* **WHAT NEEDS TO BE DONE**:
Could you retype every line below exactly, omitting the images?

* **EXCERPTED DATA**:
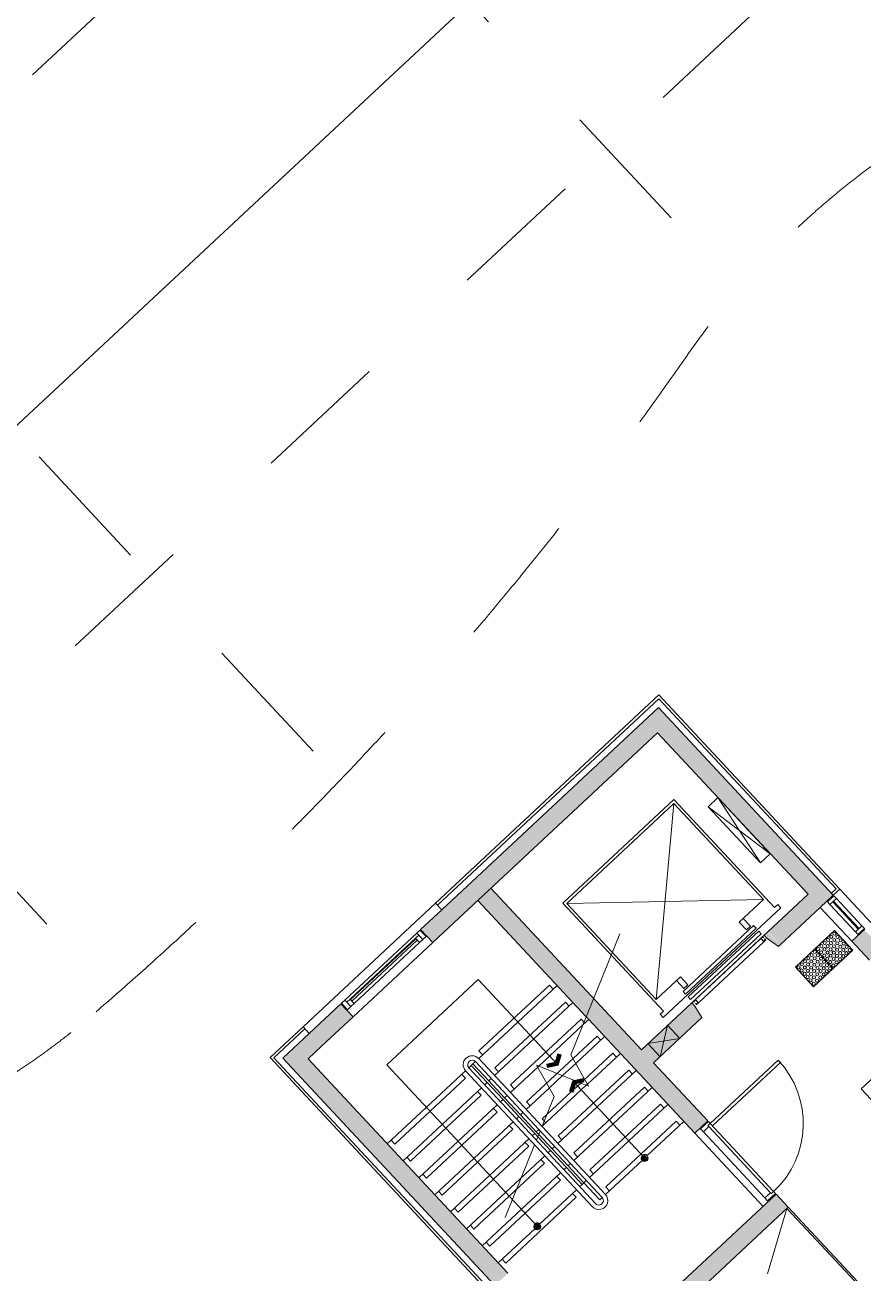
# Model space of a CAD drawing. Header units: millimetres. Extents: x -71377 to 516042, y -145869 to 441446.
# Drawn here: x 180443 to 189825, y 152780 to 166745 of the extents above; entities that cross this region are included whole.
import ezdxf

# ---------------------------------------------------------------- set-up
doc = ezdxf.new("R2010")
doc.units = ezdxf.units.MM
doc.header["$LTSCALE"] = 1000
for name, pattern in [('_점선_M_', [3, 1.5, -1.5]), ('_점선_S_', [1.6, 0.8, -0.8]), ('_점선_XS_', [1.15, 0.6, -0.55])]:
    doc.linetypes.add(name, pattern=pattern)
for name, color, linetype, lineweight in [('06', 6, 'Continuous', 5), ('09_HID', 9, '_점선_M_', 5), ('A-detl', 7, 'Continuous', 5), ('A-door', 4, 'Continuous', 5), ('A-door-hdln', 8, 'Continuous', 5), ('A-ele-8', 8, 'Continuous', 5), ('A-fnsh', 5, 'Continuous', 5), ('A-furn-hdln', 8, '_점선_XS_', 5), ('A-glas', 5, 'Continuous', 5), ('A-glas-hdln', 8, 'Continuous', 5), ('A-hat', 251, 'Continuous', 5), ('A-mark-k', 7, 'Continuous', 5), ('A-strs', 7, 'Continuous', 5), ('A-wind', 4, 'Continuous', 5), ('A-wind-hdln', 8, 'Continuous', 5), ('A_cwall', 2, 'Continuous', 5), ('A_fnsh-4', 4, 'Continuous', 5), ('AA_난간', 7, 'Continuous', 9), ('AA_논슬립', 252, 'Continuous', 5), ('AA_오픈', 8, '_점선_S_', 5), ('AA_점형블럭', 8, 'Continuous', 5), ('elev', 4, 'Continuous', 5), ('조경라인_dwg', 8, 'Continuous', 5)]:
    doc.layers.add(name, color=color, linetype=linetype, lineweight=lineweight)

# ---------------------------------------------------------------- blocks, each defined once
blk = doc.blocks.new('EV_15인승 - EV_15인승_1060x2100-6900318-지반층 배치도')
at = {"layer": 'A-furn-hdln'}
for p, q in [((1050, 100), (1050, -100)), ((1350, 100), (1350, -100))]:
    blk.add_line(p, q, dxfattribs=at)
at = {"layer": 'elev'}
for p, q in [((1350, 100), (1050, -100)), ((1350, -100), (1050, 100)), ((665, -135), (-415, -135)), ((-415, -135), (-415, -175)), ((-405, -65), (-405, -50)), ((-405, -50), (-375, -50)), ((-402, -65), (-405, -65)), ((-405, -100), (-405, -85)), ((-405, -85), (-402, -85)), ((-375, -100), (-405, -100)), ((-378, -53), (-402, -53)), ((-402, -53), (-402, -65)), ((-402, -85), (-402, -97)), ((-402, -97), (-378, -97)), ((-378, -97), (-378, -53)), ((-375, -50), (625, -50)), ((-375, -50), (-375, -100)), ((-375, -100), (625, -100)), ((625, -50), (655, -50)), ((625, -50), (625, -100)), ((655, -100), (625, -100)), ((652, -53), (628, -53)), ((628, -53), (628, -97)), ((628, -97), (652, -97)), ((652, -65), (652, -53)), ((655, -65), (652, -65)), ((652, -97), (652, -85)), ((652, -85), (655, -85)), ((655, -50), (655, -65)), ((655, -85), (655, -100)), ((665, -175), (665, -135)), ((1025, -198), (-775, -198)), ((-775, -198), (-775, -248)), ((-775, -248), (-725, -248)), ((-725, -248), (-725, -1898)), ((-415, -175), (665, -175)), ((665, -219), (-415, -219)), ((-415, -219), (-415, -259)), ((-415, -259), (665, -259)), ((-325, -278), (-385, -278)), ((-385, -278), (-385, -398)), ((-325, -398), (-325, -278)), ((635, -278), (575, -278)), ((575, -278), (575, -398)), ((635, -398), (635, -278)), ((665, -259), (665, -219)), ((975, -1898), (975, -248)), ((975, -248), (1025, -248)), ((1025, -248), (1025, -198)), ((-695, -1868), (-695, -398)), ((-695, -398), (-325, -398)), ((945, -398), (-695, -1868)), ((-695, -398), (945, -1868)), ((575, -398), (945, -398)), ((945, -398), (945, -1868)), ((-1100, -720), (-950, -720)), ((-950, -1580), (-1100, -720)), ((-1100, -1580), (-950, -720)), ((-1100, -1580), (-1100, -720)), ((-950, -720), (-950, -1580)), ((-950, -1580), (-1100, -1580)), ((-725, -1898), (975, -1898)), ((945, -1868), (-695, -1868))]:
    blk.add_line(p, q, dxfattribs=at)
blk = doc.blocks.new('외여닫이문 - __A_FSD_11x21_씰FL_20_원형__계단실-7570923-지반층 배치도')
at = {"layer": 'A-door'}
for p, q in [((-550, 20), (-505, 20)), ((-550, -100), (-550, 20)), ((-505, 20), (-505, -65)), ((505, 20), (550, 20)), ((505, -65), (505, 20)), ((550, 20), (550, -100)), ((-520, -100), (-550, -100)), ((-520, -65), (-520, -100)), ((-505, -65), (-520, -65)), ((485, -100), (485, -1140)), ((485, -100), (520, -100)), ((520, -65), (505, -65)), ((520, -100), (520, -65)), ((520, -100), (520, -1140)), ((550, -100), (520, -100)), ((485, -1140), (520, -1140))]:
    blk.add_line(p, q, dxfattribs=at)
at = {"layer": 'A-door-hdln'}
for p, q in [((-505, 20), (505, 20)), ((-520, -100), (520, -100)), ((-505, -65), (505, -65))]:
    blk.add_line(p, q, dxfattribs=at)
blk.add_arc((520, -100), 1040, 180, 270, dxfattribs=at)
blk = doc.blocks.new('점자블럭_원형_개수_ - 점자블럭_원형_개수_-4199367-지반층 배치도')
at = {"layer": 'AA_점형블럭'}
for p, q in [((300, 300), (0, 300)), ((0, 300), (0, 0)), ((300, 0), (300, 300)), ((600, 300), (300, 300)), ((300, 300), (300, 0)), ((600, 0), (600, 300)), ((0, 0), (300, 0)), ((300, 0), (600, 0))]:
    blk.add_line(p, q, dxfattribs=at)
for centre, start, end in [((25, 275), 360, 180), ((25, 275), 45, 180), ((25, 275), 360, 180), ((25, 275), 45, 180), ((75, 275), 0, 180), ((75, 275), 0, 180), ((75, 275), 0, 180), ((75, 275), 0, 180), ((125, 275), 0, 180), ((125, 275), 0, 180), ((125, 275), 360, 180), ((125, 275), 0, 180), ((175, 275), 360, 180), ((175, 275), 0, 180), ((175, 275), 360, 180), ((175, 275), 0, 180), ((225, 275), 360, 180), ((225, 275), 0, 180), ((225, 275), 360, 180), ((225, 275), 0, 180), ((275, 275), 0, 180), ((275, 275), 0, 180), ((275, 275), 360, 180), ((275, 275), 0, 180), ((325, 275), 360, 180), ((325, 275), 0, 180), ((325, 275), 0, 180), ((325, 275), 0, 180), ((375, 275), 0, 180), ((375, 275), 0, 180), ((375, 275), 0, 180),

* **SOLVED PROBLEM**:
# Model space of a CAD drawing. Header units: millimetres. Extents: x -71377 to 516042, y -145869 to 441446.
# Drawn here: x 180443 to 189825, y 152780 to 166745 of the extents above; entities that cross this region are included whole.
import ezdxf

# ---------------------------------------------------------------- set-up
doc = ezdxf.new("R2010")
doc.units = ezdxf.units.MM
doc.header["$LTSCALE"] = 1000
for name, pattern in [('_점선_M_', [3, 1.5, -1.5]), ('_점선_S_', [1.6, 0.8, -0.8]), ('_점선_XS_', [1.15, 0.6, -0.55])]:
    doc.linetypes.add(name, pattern=pattern)
for name, color, linetype, lineweight in [('06', 6, 'Continuous', 5), ('09_HID', 9, '_점선_M_', 5), ('A-detl', 7, 'Continuous', 5), ('A-door', 4, 'Continuous', 5), ('A-door-hdln', 8, 'Continuous', 5), ('A-ele-8', 8, 'Continuous', 5), ('A-fnsh', 5, 'Continuous', 5), ('A-furn-hdln', 8, '_점선_XS_', 5), ('A-glas', 5, 'Continuous', 5), ('A-glas-hdln', 8, 'Continuous', 5), ('A-hat', 251, 'Continuous', 5), ('A-mark-k', 7, 'Continuous', 5), ('A-strs', 7, 'Continuous', 5), ('A-wind', 4, 'Continuous', 5), ('A-wind-hdln', 8, 'Continuous', 5), ('A_cwall', 2, 'Continuous', 5), ('A_fnsh-4', 4, 'Continuous', 5), ('AA_난간', 7, 'Continuous', 9), ('AA_논슬립', 252, 'Continuous', 5), ('AA_오픈', 8, '_점선_S_', 5), ('AA_점형블럭', 8, 'Continuous', 5), ('elev', 4, 'Continuous', 5), ('조경라인_dwg', 8, 'Continuous', 5)]:
    doc.layers.add(name, color=color, linetype=linetype, lineweight=lineweight)

# ---------------------------------------------------------------- blocks, each defined once
blk = doc.blocks.new('EV_15인승 - EV_15인승_1060x2100-6900318-지반층 배치도')
at = {"layer": 'A-furn-hdln'}
for p, q in [((1050, 100), (1050, -100)), ((1350, 100), (1350, -100))]:
    blk.add_line(p, q, dxfattribs=at)
at = {"layer": 'elev'}
for p, q in [((1350, 100), (1050, -100)), ((1350, -100), (1050, 100)), ((665, -135), (-415, -135)), ((-415, -135), (-415, -175)), ((-405, -65), (-405, -50)), ((-405, -50), (-375, -50)), ((-402, -65), (-405, -65)), ((-405, -100), (-405, -85)), ((-405, -85), (-402, -85)), ((-375, -100), (-405, -100)), ((-378, -53), (-402, -53)), ((-402, -53), (-402, -65)), ((-402, -85), (-402, -97)), ((-402, -97), (-378, -97)), ((-378, -97), (-378, -53)), ((-375, -50), (625, -50)), ((-375, -50), (-375, -100)), ((-375, -100), (625, -100)), ((625, -50), (655, -50)), ((625, -50), (625, -100)), ((655, -100), (625, -100)), ((652, -53), (628, -53)), ((628, -53), (628, -97)), ((628, -97), (652, -97)), ((652, -65), (652, -53)), ((655, -65), (652, -65)), ((652, -97), (652, -85)), ((652, -85), (655, -85)), ((655, -50), (655, -65)), ((655, -85), (655, -100)), ((665, -175), (665, -135)), ((1025, -198), (-775, -198)), ((-775, -198), (-775, -248)), ((-775, -248), (-725, -248)), ((-725, -248), (-725, -1898)), ((-415, -175), (665, -175)), ((665, -219), (-415, -219)), ((-415, -219), (-415, -259)), ((-415, -259), (665, -259)), ((-325, -278), (-385, -278)), ((-385, -278), (-385, -398)), ((-325, -398), (-325, -278)), ((635, -278), (575, -278)), ((575, -278), (575, -398)), ((635, -398), (635, -278)), ((665, -259), (665, -219)), ((975, -1898), (975, -248)), ((975, -248), (1025, -248)), ((1025, -248), (1025, -198)), ((-695, -1868), (-695, -398)), ((-695, -398), (-325, -398)), ((945, -398), (-695, -1868)), ((-695, -398), (945, -1868)), ((575, -398), (945, -398)), ((945, -398), (945, -1868)), ((-1100, -720), (-950, -720)), ((-950, -1580), (-1100, -720)), ((-1100, -1580), (-950, -720)), ((-1100, -1580), (-1100, -720)), ((-950, -720), (-950, -1580)), ((-950, -1580), (-1100, -1580)), ((-725, -1898), (975, -1898)), ((945, -1868), (-695, -1868))]:
    blk.add_line(p, q, dxfattribs=at)
blk = doc.blocks.new('외여닫이문 - __A_FSD_11x21_씰FL_20_원형__계단실-7570923-지반층 배치도')
at = {"layer": 'A-door'}
for p, q in [((-550, 20), (-505, 20)), ((-550, -100), (-550, 20)), ((-505, 20), (-505, -65)), ((505, 20), (550, 20)), ((505, -65), (505, 20)), ((550, 20), (550, -100)), ((-520, -100), (-550, -100)), ((-520, -65), (-520, -100)), ((-505, -65), (-520, -65)), ((485, -100), (485, -1140)), ((485, -100), (520, -100)), ((520, -65), (505, -65)), ((520, -100), (520, -65)), ((520, -100), (520, -1140)), ((550, -100), (520, -100)), ((485, -1140), (520, -1140))]:
    blk.add_line(p, q, dxfattribs=at)
at = {"layer": 'A-door-hdln'}
for p, q in [((-505, 20), (505, 20)), ((-520, -100), (520, -100)), ((-505, -65), (505, -65))]:
    blk.add_line(p, q, dxfattribs=at)
blk.add_arc((520, -100), 1040, 180, 270, dxfattribs=at)
blk = doc.blocks.new('점자블럭_원형_개수_ - 점자블럭_원형_개수_-4199367-지반층 배치도')
at = {"layer": 'AA_점형블럭'}
for p, q in [((300, 300), (0, 300)), ((0, 300), (0, 0)), ((300, 0), (300, 300)), ((600, 300), (300, 300)), ((300, 300), (300, 0)), ((600, 0), (600, 300)), ((0, 0), (300, 0)), ((300, 0), (600, 0))]:
    blk.add_line(p, q, dxfattribs=at)
for centre, start, end in [((25, 275), 360, 180), ((25, 275), 45, 180), ((25, 275), 360, 180), ((25, 275), 45, 180), ((75, 275), 0, 180), ((75, 275), 0, 180), ((75, 275), 0, 180), ((75, 275), 0, 180), ((125, 275), 0, 180), ((125, 275), 0, 180), ((125, 275), 360, 180), ((125, 275), 0, 180), ((175, 275), 360, 180), ((175, 275), 0, 180), ((175, 275), 360, 180), ((175, 275), 0, 180), ((225, 275), 360, 180), ((225, 275), 0, 180), ((225, 275), 360, 180), ((225, 275), 0, 180), ((275, 275), 0, 180), ((275, 275), 0, 180), ((275, 275), 360, 180), ((275, 275), 0, 180), ((325, 275), 360, 180), ((325, 275), 0, 180), ((325, 275), 0, 180), ((325, 275), 0, 180), ((375, 275), 0, 180), ((375, 275), 0, 180), ((375, 275), 0, 180),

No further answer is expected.